— What is required —
Please return all lines in the listing holding the word "SaturateOnIntegerOverflow".

□ □ □ □ □ □ □

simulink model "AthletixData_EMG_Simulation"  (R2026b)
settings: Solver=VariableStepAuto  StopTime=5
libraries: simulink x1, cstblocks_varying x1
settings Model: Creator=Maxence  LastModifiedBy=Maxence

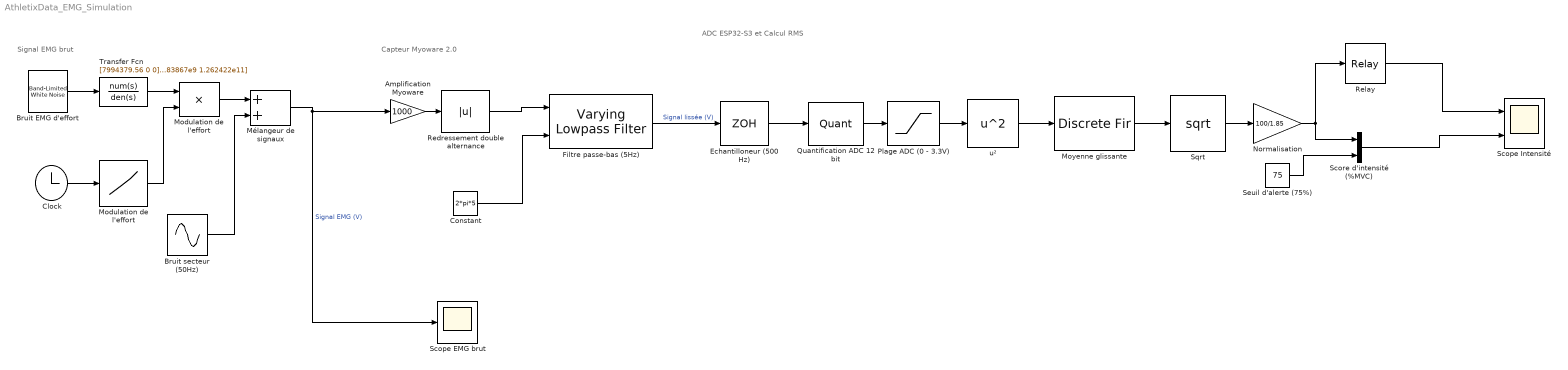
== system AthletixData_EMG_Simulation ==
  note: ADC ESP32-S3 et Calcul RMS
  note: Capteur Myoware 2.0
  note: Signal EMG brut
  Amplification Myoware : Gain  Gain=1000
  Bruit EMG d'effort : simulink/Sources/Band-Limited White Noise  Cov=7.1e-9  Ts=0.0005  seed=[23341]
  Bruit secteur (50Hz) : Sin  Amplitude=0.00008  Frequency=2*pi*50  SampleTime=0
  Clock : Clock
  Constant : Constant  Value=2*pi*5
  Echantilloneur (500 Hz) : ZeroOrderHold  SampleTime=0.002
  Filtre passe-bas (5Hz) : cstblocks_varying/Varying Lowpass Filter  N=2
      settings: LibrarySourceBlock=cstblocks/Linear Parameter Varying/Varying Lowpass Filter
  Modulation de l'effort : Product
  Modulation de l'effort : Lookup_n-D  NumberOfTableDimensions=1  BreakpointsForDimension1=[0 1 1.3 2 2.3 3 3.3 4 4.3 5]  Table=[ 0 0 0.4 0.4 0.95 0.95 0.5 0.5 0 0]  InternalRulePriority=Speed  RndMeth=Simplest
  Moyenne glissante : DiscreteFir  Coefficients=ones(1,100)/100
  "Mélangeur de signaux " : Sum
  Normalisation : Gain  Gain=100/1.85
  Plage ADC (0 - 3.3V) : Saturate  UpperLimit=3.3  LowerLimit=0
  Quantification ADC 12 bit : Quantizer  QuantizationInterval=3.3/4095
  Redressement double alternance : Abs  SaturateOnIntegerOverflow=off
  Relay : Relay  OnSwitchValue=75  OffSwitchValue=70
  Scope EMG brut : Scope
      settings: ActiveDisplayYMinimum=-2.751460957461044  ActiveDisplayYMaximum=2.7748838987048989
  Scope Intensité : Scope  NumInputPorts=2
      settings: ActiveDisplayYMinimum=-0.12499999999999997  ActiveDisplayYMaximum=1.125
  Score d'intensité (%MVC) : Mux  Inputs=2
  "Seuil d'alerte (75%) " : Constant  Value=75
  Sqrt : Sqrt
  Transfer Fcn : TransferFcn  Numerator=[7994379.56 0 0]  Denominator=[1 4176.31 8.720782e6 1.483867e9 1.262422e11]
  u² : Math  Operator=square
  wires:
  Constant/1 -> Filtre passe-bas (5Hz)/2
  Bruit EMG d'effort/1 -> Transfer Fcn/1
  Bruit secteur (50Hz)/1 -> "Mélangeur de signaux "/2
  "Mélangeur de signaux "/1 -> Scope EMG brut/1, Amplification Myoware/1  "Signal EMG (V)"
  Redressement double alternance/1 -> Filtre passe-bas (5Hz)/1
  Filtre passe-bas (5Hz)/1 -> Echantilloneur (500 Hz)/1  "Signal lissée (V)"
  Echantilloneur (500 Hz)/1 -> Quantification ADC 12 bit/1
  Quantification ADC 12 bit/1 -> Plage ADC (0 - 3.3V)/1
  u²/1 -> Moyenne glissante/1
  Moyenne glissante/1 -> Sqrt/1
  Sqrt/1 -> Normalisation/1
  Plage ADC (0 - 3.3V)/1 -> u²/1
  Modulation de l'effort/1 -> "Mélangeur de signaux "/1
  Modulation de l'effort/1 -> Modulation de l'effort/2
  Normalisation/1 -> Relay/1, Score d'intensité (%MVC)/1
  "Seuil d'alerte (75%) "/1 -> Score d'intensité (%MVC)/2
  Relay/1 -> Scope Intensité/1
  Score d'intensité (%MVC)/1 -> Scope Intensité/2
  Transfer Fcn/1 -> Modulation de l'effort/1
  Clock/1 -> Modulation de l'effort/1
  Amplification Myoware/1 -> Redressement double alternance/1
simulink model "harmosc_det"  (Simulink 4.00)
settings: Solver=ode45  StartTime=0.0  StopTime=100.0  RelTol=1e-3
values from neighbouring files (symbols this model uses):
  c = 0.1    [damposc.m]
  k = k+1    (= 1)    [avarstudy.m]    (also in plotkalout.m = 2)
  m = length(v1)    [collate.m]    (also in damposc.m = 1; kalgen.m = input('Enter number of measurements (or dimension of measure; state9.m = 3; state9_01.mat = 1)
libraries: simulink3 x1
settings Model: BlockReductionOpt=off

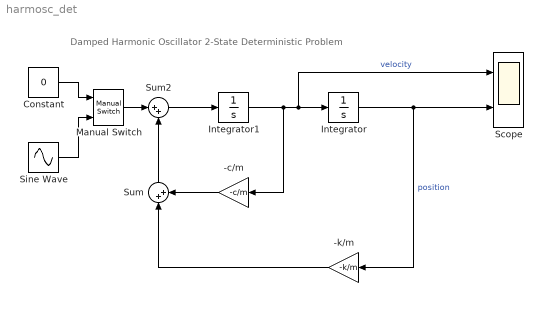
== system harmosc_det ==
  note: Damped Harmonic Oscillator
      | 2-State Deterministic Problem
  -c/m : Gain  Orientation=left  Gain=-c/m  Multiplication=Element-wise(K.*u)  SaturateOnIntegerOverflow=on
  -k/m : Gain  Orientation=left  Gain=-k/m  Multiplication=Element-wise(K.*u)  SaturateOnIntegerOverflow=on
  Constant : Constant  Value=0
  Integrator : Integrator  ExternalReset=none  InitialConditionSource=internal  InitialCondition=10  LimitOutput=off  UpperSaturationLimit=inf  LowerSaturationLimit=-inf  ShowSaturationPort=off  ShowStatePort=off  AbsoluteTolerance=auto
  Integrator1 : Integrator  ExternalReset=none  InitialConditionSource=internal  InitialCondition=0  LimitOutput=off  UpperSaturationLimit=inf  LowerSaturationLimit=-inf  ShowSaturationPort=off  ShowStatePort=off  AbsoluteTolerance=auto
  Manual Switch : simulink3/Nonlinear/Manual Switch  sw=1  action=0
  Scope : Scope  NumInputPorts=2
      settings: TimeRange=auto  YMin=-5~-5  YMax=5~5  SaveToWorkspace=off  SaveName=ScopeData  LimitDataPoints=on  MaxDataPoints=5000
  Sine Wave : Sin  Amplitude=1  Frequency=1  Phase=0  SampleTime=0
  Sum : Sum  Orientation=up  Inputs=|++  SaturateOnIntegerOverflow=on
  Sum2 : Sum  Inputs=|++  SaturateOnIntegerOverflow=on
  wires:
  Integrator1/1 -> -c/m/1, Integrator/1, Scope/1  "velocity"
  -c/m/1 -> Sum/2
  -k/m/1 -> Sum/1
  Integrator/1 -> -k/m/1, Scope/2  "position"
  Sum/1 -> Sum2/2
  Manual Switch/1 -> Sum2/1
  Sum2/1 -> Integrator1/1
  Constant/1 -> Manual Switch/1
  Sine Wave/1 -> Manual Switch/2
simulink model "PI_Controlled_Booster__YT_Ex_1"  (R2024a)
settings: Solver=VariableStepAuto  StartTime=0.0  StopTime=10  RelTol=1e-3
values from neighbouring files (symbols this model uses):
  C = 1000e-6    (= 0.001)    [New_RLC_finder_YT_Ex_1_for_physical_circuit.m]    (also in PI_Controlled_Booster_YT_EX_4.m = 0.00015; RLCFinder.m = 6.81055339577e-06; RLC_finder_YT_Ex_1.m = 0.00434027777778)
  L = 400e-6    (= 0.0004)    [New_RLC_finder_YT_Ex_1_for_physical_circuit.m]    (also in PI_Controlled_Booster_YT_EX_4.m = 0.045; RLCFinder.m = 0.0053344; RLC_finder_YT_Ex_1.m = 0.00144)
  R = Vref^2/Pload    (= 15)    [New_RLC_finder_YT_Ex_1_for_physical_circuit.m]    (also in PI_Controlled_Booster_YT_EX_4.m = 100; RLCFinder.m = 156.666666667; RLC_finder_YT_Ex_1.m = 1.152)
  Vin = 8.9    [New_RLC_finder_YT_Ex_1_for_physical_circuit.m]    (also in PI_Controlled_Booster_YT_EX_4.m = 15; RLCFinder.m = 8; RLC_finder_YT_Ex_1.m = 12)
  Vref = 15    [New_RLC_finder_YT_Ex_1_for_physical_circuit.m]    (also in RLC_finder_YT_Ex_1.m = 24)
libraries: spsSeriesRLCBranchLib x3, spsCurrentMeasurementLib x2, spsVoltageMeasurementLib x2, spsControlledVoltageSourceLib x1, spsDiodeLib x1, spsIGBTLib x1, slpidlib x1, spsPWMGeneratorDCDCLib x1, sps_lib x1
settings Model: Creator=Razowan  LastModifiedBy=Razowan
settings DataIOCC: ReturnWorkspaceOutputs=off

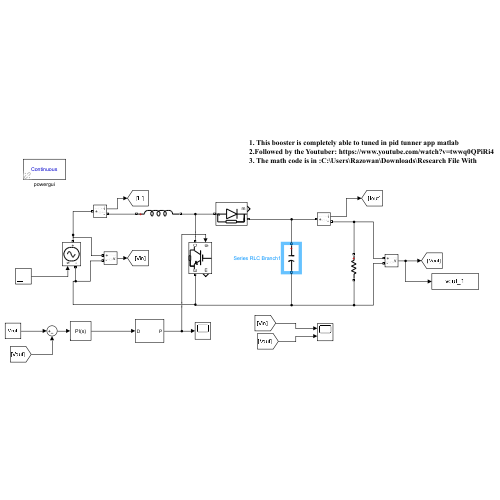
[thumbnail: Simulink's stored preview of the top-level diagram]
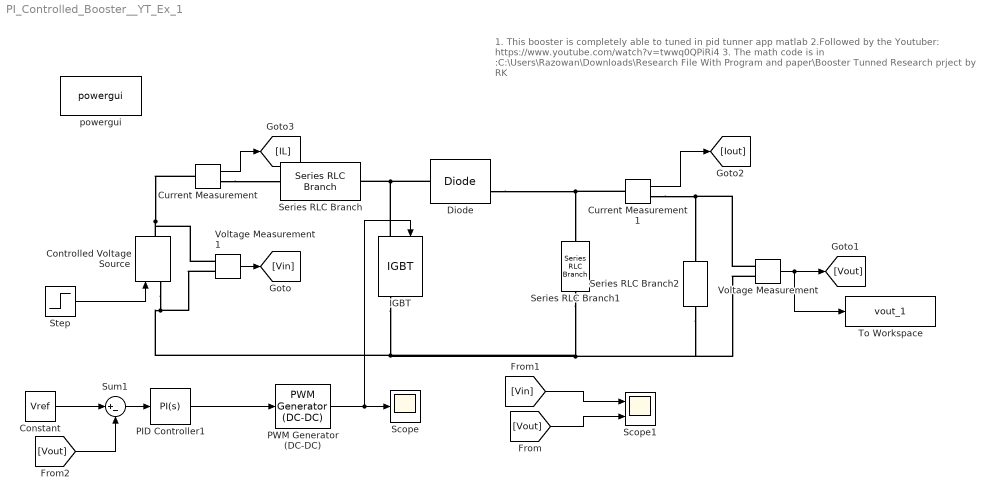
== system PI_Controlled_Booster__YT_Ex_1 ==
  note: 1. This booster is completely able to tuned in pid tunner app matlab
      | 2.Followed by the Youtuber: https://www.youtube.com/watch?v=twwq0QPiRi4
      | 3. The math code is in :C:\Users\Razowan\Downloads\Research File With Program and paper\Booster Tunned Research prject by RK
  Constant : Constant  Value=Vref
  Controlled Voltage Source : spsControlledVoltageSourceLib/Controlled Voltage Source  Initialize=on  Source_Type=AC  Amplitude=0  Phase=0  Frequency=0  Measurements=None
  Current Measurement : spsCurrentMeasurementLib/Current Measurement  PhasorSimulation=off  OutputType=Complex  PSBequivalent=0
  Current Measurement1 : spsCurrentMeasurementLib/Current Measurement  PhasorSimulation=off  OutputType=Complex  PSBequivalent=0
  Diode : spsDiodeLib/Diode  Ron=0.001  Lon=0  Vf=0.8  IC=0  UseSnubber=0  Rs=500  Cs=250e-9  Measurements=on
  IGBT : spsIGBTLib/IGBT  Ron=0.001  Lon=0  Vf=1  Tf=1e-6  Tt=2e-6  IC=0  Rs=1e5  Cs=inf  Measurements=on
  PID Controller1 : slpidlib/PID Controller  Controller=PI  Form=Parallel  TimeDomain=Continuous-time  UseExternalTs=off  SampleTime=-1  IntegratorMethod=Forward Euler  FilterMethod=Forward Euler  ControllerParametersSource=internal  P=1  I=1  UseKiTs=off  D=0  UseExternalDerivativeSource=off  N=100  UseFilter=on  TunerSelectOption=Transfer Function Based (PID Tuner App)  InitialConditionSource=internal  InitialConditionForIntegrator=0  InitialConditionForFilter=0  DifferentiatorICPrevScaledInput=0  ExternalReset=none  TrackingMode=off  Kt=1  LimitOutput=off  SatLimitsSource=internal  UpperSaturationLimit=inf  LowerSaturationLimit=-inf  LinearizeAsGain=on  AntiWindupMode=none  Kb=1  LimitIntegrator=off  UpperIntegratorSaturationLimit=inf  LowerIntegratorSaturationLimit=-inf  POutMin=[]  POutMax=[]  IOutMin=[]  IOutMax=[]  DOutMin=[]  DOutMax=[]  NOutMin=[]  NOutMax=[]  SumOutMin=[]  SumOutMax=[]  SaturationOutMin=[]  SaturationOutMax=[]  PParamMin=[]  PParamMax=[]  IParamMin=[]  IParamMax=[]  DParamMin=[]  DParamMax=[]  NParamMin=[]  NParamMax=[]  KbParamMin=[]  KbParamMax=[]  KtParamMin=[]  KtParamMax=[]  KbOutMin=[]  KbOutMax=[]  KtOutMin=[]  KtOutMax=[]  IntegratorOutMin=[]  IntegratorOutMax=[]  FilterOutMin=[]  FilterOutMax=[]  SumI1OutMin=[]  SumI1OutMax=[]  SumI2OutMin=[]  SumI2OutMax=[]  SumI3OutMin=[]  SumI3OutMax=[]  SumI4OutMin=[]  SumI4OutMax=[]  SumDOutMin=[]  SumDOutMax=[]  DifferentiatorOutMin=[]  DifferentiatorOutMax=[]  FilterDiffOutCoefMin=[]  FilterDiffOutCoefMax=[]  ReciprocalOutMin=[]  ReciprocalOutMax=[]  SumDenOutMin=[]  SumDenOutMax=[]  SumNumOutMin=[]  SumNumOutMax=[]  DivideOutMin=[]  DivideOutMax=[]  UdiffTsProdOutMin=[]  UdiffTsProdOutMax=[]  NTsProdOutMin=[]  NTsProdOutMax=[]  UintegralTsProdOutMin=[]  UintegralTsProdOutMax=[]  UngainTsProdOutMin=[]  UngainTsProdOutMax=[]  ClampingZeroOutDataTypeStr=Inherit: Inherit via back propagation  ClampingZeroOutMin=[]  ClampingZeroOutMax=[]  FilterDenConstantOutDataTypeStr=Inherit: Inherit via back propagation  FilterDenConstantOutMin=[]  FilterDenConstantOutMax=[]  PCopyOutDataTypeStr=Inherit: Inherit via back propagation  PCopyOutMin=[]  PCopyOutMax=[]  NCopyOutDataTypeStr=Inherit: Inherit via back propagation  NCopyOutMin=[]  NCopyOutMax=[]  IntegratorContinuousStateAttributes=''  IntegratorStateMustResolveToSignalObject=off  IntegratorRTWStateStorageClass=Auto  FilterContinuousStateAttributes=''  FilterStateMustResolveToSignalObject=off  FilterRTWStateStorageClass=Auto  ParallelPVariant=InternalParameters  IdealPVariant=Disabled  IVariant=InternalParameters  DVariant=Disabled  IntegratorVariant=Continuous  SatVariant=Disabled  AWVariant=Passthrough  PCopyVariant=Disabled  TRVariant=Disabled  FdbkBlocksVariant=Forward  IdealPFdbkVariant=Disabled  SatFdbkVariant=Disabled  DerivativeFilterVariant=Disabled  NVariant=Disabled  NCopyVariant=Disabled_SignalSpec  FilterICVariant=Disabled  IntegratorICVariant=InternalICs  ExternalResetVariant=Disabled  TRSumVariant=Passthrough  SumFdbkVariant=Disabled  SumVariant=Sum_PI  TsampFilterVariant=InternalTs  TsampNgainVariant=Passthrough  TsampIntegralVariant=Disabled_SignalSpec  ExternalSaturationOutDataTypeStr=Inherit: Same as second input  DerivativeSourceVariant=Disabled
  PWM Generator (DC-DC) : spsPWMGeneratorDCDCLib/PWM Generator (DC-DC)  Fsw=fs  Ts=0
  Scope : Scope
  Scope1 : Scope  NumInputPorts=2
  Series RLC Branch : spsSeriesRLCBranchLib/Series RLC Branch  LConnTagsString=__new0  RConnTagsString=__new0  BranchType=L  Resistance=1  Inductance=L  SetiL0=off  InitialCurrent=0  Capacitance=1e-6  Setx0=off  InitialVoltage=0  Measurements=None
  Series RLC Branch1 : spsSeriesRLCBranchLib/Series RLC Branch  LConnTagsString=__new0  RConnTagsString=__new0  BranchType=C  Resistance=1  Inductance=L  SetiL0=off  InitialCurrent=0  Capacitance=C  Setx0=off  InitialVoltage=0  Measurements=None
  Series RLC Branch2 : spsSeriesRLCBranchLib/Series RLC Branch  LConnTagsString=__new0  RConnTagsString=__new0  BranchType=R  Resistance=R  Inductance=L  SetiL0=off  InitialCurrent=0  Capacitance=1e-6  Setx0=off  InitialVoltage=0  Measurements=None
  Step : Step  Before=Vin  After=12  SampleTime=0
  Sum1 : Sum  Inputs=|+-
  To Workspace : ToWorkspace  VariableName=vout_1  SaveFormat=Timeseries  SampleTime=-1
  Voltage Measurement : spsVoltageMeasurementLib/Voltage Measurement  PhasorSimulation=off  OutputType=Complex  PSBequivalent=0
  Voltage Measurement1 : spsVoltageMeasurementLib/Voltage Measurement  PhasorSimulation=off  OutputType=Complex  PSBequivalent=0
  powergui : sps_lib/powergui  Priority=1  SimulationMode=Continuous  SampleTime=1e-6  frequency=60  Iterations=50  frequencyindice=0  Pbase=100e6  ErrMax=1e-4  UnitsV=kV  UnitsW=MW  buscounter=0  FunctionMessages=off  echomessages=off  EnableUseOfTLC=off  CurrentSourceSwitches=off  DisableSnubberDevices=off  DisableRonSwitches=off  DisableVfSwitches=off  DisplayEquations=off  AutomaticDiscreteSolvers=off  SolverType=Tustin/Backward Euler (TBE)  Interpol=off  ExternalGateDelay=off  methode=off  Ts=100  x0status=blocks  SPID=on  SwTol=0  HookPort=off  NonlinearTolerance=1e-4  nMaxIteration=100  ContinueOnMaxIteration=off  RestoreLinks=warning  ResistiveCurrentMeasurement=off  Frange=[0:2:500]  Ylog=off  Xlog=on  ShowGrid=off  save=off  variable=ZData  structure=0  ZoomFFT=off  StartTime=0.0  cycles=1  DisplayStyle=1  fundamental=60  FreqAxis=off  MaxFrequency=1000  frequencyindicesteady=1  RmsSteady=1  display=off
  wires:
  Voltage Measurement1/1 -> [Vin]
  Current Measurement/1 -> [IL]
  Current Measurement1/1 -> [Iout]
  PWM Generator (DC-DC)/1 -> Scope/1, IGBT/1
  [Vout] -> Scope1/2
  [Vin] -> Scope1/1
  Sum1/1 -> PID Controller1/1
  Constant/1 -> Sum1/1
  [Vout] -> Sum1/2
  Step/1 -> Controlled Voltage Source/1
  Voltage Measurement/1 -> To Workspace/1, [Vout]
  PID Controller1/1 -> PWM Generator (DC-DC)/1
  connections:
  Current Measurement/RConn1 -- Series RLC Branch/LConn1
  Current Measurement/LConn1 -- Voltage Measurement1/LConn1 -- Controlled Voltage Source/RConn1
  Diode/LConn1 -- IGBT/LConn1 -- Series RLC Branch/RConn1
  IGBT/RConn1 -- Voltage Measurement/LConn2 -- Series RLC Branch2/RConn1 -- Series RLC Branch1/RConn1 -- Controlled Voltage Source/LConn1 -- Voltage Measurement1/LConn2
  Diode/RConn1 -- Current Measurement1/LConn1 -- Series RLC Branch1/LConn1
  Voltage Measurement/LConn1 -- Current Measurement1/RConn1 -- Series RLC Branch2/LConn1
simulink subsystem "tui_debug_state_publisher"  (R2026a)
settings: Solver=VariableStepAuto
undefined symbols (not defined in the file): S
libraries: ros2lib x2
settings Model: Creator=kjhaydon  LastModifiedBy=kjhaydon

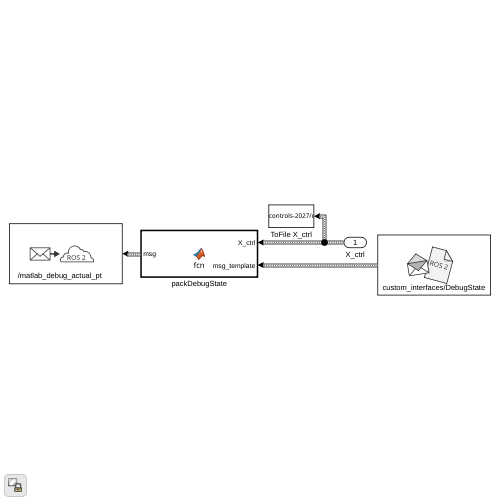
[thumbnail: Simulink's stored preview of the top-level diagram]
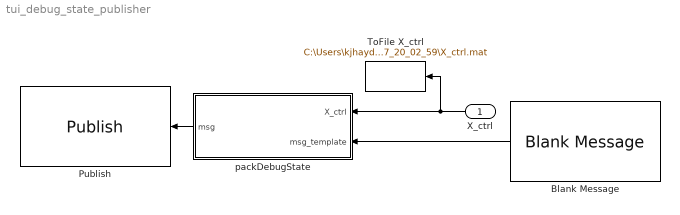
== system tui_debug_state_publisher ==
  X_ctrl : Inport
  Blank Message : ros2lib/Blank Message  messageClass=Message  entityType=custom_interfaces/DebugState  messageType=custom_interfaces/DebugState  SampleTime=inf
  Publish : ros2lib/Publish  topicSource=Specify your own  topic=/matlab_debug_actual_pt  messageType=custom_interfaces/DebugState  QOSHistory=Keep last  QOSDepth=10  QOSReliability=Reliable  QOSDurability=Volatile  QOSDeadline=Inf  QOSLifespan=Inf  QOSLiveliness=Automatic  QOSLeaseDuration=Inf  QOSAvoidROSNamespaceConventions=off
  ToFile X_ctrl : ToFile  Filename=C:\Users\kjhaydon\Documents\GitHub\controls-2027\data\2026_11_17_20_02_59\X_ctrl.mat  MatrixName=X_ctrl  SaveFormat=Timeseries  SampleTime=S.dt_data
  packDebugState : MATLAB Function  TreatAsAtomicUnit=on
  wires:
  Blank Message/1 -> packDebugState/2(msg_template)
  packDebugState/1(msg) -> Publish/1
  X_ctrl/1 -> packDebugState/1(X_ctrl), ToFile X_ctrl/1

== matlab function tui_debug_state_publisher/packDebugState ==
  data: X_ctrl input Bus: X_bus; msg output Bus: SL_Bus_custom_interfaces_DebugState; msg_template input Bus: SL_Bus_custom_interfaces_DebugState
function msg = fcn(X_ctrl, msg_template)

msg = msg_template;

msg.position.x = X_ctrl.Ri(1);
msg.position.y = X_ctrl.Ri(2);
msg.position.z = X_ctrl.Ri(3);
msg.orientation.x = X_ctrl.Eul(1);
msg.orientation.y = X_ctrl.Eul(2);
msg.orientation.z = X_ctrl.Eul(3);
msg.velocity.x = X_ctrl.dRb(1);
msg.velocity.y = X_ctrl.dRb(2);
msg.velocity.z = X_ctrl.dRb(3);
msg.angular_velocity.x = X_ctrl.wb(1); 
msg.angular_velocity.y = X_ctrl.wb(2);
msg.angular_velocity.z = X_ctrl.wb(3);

□ □ □ □ □ □ □

— Your response —
  Redressement double alternance : Abs  SaturateOnIntegerOverflow=off
  -c/m : Gain  Orientation=left  Gain=-c/m  Multiplication=Element-wise(K.*u)  SaturateOnIntegerOverflow=on
  -k/m : Gain  Orientation=left  Gain=-k/m  Multiplication=Element-wise(K.*u)  SaturateOnIntegerOverflow=on
  Sum : Sum  Orientation=up  Inputs=|++  SaturateOnIntegerOverflow=on
  Sum2 : Sum  Inputs=|++  SaturateOnIntegerOverflow=on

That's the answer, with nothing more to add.